RECORDS FOR PROCESSING.
::::::::::

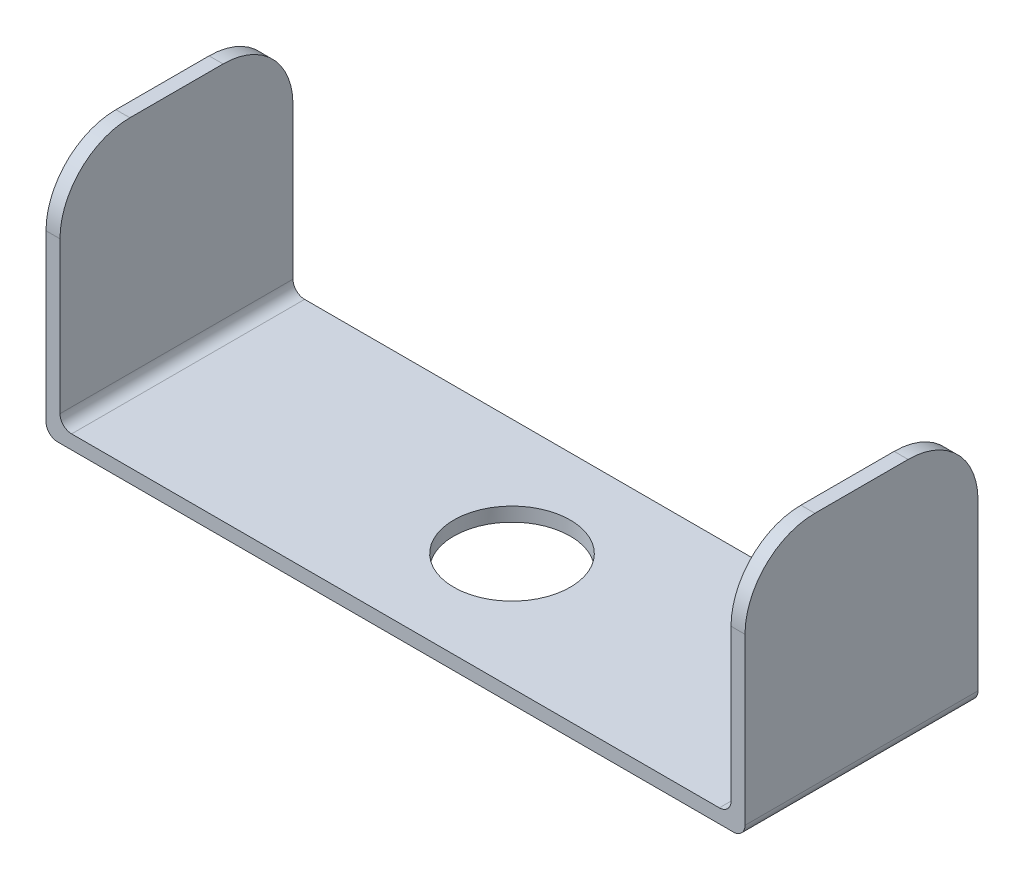
ISO-10303-21;
HEADER;
FILE_DESCRIPTION(('STEP AP214'),'2;1');
FILE_NAME('part.step','',(''),(''),'','','');
FILE_SCHEMA(('AUTOMOTIVE_DESIGN { 1 0 10303 214 1 1 1 1 }'));
ENDSEC;
DATA;
#1=APPLICATION_CONTEXT('core data for automotive mechanical design processes');
#2=APPLICATION_PROTOCOL_DEFINITION('international standard','automotive_design',2000,#1);
#3=PRODUCT_CONTEXT('',#1,'mechanical');
#4=PRODUCT('Part','Part','',(#3));
#5=PRODUCT_RELATED_PRODUCT_CATEGORY('part','',(#4));
#6=PRODUCT_DEFINITION_FORMATION('','',#4);
#7=PRODUCT_DEFINITION_CONTEXT('part definition',#1,'design');
#8=PRODUCT_DEFINITION('design','',#6,#7);
#9=PRODUCT_DEFINITION_SHAPE('','',#8);
#10=(LENGTH_UNIT() NAMED_UNIT(*) SI_UNIT(.MILLI.,.METRE.));
#11=(NAMED_UNIT(*) PLANE_ANGLE_UNIT() SI_UNIT($,.RADIAN.));
#12=(NAMED_UNIT(*) SI_UNIT($,.STERADIAN.) SOLID_ANGLE_UNIT());
#13=UNCERTAINTY_MEASURE_WITH_UNIT(LENGTH_MEASURE(1.E-05),#10,'distance_accuracy_value','');
#14=(GEOMETRIC_REPRESENTATION_CONTEXT(3) GLOBAL_UNCERTAINTY_ASSIGNED_CONTEXT((#13)) GLOBAL_UNIT_ASSIGNED_CONTEXT((#10,
#11,#12)) REPRESENTATION_CONTEXT('',''));
#15=CARTESIAN_POINT('',(0.,0.,0.));
#16=DIRECTION('',(0.,0.,1.));
#17=DIRECTION('',(1.,0.,0.));
#18=AXIS2_PLACEMENT_3D('',#15,#16,#17);
#19=CARTESIAN_POINT('',(0.,0.6,0.));
#20=DIRECTION('',(0.,-1.,0.));
#21=DIRECTION('',(0.,0.,-1.));
#22=AXIS2_PLACEMENT_3D('',#19,#20,#21);
#23=PLANE('',#22);
#24=CARTESIAN_POINT('',(0.,0.6,0.));
#25=DIRECTION('',(0.,1.,0.));
#26=DIRECTION('',(0.,0.,1.));
#27=AXIS2_PLACEMENT_3D('',#24,#25,#26);
#28=CIRCLE('',#27,2.5);
#29=CARTESIAN_POINT('',(0.,0.6,2.5));
#30=VERTEX_POINT('',#29);
#31=EDGE_CURVE('E255',#30,#30,#28,.T.);
#32=ORIENTED_EDGE('',*,*,#31,.F.);
#33=EDGE_LOOP('',(#32));
#34=FACE_BOUND('',#33,.T.);
#35=DIRECTION('',(1.,0.,0.));
#36=VECTOR('',#35,1.);
#37=CARTESIAN_POINT('',(-15.,0.6,5.));
#38=LINE('',#37,#36);
#39=CARTESIAN_POINT('',(-13.9,0.6,5.));
#40=VERTEX_POINT('',#39);
#41=CARTESIAN_POINT('',(13.9,0.6,5.));
#42=VERTEX_POINT('',#41);
#43=EDGE_CURVE('E246',#40,#42,#38,.T.);
#44=ORIENTED_EDGE('',*,*,#43,.T.);
#45=DIRECTION('',(0.,0.,1.));
#46=VECTOR('',#45,1.);
#47=CARTESIAN_POINT('',(13.9,0.6,-5.));
#48=LINE('',#47,#46);
#49=CARTESIAN_POINT('',(13.9,0.6,-5.));
#50=VERTEX_POINT('',#49);
#51=EDGE_CURVE('E190',#42,#50,#48,.F.);
#52=ORIENTED_EDGE('',*,*,#51,.T.);
#53=DIRECTION('',(-1.,0.,0.));
#54=VECTOR('',#53,1.);
#55=CARTESIAN_POINT('',(-15.,0.6,-5.));
#56=LINE('',#55,#54);
#57=CARTESIAN_POINT('',(-13.9,0.6,-5.));
#58=VERTEX_POINT('',#57);
#59=EDGE_CURVE('E271',#50,#58,#56,.T.);
#60=ORIENTED_EDGE('',*,*,#59,.T.);
#61=DIRECTION('',(0.,0.,-1.));
#62=VECTOR('',#61,1.);
#63=CARTESIAN_POINT('',(-13.9,0.6,5.));
#64=LINE('',#63,#62);
#65=EDGE_CURVE('E188',#58,#40,#64,.F.);
#66=ORIENTED_EDGE('',*,*,#65,.T.);
#67=EDGE_LOOP('',(#44,#52,#60,#66));
#68=FACE_BOUND('',#67,.T.);
#69=ADVANCED_FACE('F32',(#34,#68),#23,.F.);
#70=CARTESIAN_POINT('',(15.,0.6,5.));
#71=DIRECTION('',(-1.,0.,0.));
#72=DIRECTION('',(0.,0.,1.));
#73=AXIS2_PLACEMENT_3D('',#70,#71,#72);
#74=PLANE('',#73);
#75=DIRECTION('',(0.,-1.,0.));
#76=VECTOR('',#75,1.);
#77=CARTESIAN_POINT('',(15.,0.6,-5.));
#78=LINE('',#77,#76);
#79=CARTESIAN_POINT('',(15.,7.6,-5.));
#80=VERTEX_POINT('',#79);
#81=CARTESIAN_POINT('',(15.,0.5,-5.));
#82=VERTEX_POINT('',#81);
#83=EDGE_CURVE('E146',#80,#82,#78,.T.);
#84=ORIENTED_EDGE('',*,*,#83,.F.);
#85=CARTESIAN_POINT('',(15.,7.6,-2.));
#86=DIRECTION('',(-1.,0.,0.));
#87=DIRECTION('',(0.,0.,1.));
#88=AXIS2_PLACEMENT_3D('',#85,#86,#87);
#89=CIRCLE('',#88,3.);
#90=CARTESIAN_POINT('',(15.,10.6,-2.));
#91=VERTEX_POINT('',#90);
#92=EDGE_CURVE('E11',#80,#91,#89,.F.);
#93=ORIENTED_EDGE('',*,*,#92,.T.);
#94=DIRECTION('',(0.,0.,-1.));
#95=VECTOR('',#94,1.);
#96=CARTESIAN_POINT('',(15.,10.6,-5.));
#97=LINE('',#96,#95);
#98=CARTESIAN_POINT('',(15.,10.6,2.));
#99=VERTEX_POINT('',#98);
#100=EDGE_CURVE('E237',#99,#91,#97,.T.);
#101=ORIENTED_EDGE('',*,*,#100,.F.);
#102=CARTESIAN_POINT('',(15.,7.6,2.));
#103=DIRECTION('',(-1.,0.,0.));
#104=DIRECTION('',(0.,0.,1.));
#105=AXIS2_PLACEMENT_3D('',#102,#103,#104);
#106=CIRCLE('',#105,3.);
#107=CARTESIAN_POINT('',(15.,7.6,5.));
#108=VERTEX_POINT('',#107);
#109=EDGE_CURVE('E40',#99,#108,#106,.F.);
#110=ORIENTED_EDGE('',*,*,#109,.T.);
#111=DIRECTION('',(0.,-1.,0.));
#112=VECTOR('',#111,1.);
#113=CARTESIAN_POINT('',(15.,0.6,5.));
#114=LINE('',#113,#112);
#115=CARTESIAN_POINT('',(15.,0.5,5.));
#116=VERTEX_POINT('',#115);
#117=EDGE_CURVE('E172',#108,#116,#114,.T.);
#118=ORIENTED_EDGE('',*,*,#117,.T.);
#119=DIRECTION('',(0.,0.,-1.));
#120=VECTOR('',#119,1.);
#121=CARTESIAN_POINT('',(15.,0.5,-5.));
#122=LINE('',#121,#120);
#123=EDGE_CURVE('E158',#116,#82,#122,.T.);
#124=ORIENTED_EDGE('',*,*,#123,.T.);
#125=EDGE_LOOP('',(#84,#93,#101,#110,#118,#124));
#126=FACE_BOUND('',#125,.T.);
#127=ADVANCED_FACE('F170',(#126),#74,.F.);
#128=CARTESIAN_POINT('',(-15.,0.6,-5.));
#129=DIRECTION('',(0.,0.,1.));
#130=DIRECTION('',(1.,0.,0.));
#131=AXIS2_PLACEMENT_3D('',#128,#129,#130);
#132=PLANE('',#131);
#133=DIRECTION('',(0.,-1.,0.));
#134=VECTOR('',#133,1.);
#135=CARTESIAN_POINT('',(-15.,0.6,-5.));
#136=LINE('',#135,#134);
#137=CARTESIAN_POINT('',(-15.,7.6,-5.));
#138=VERTEX_POINT('',#137);
#139=CARTESIAN_POINT('',(-15.,0.5,-5.));
#140=VERTEX_POINT('',#139);
#141=EDGE_CURVE('E159',#138,#140,#136,.T.);
#142=ORIENTED_EDGE('',*,*,#141,.F.);
#143=DIRECTION('',(-1.,0.,0.));
#144=VECTOR('',#143,1.);
#145=CARTESIAN_POINT('',(-14.4,7.6,-5.));
#146=LINE('',#145,#144);
#147=CARTESIAN_POINT('',(-14.4,7.6,-5.));
#148=VERTEX_POINT('',#147);
#149=EDGE_CURVE('E219',#138,#148,#146,.F.);
#150=ORIENTED_EDGE('',*,*,#149,.T.);
#151=DIRECTION('',(0.,-1.,0.));
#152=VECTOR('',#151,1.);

::::::::::

WHAT TO PRODUCE. Using the records above, select and copy every line that has the word "VECTOR".

SOLUTION FOR THIS EXERCISE.
#36=VECTOR('',#35,1.);
#46=VECTOR('',#45,1.);
#54=VECTOR('',#53,1.);
#62=VECTOR('',#61,1.);
#76=VECTOR('',#75,1.);
#95=VECTOR('',#94,1.);
#112=VECTOR('',#111,1.);
#120=VECTOR('',#119,1.);
#134=VECTOR('',#133,1.);
#144=VECTOR('',#143,1.);
#152=VECTOR('',#151,1.);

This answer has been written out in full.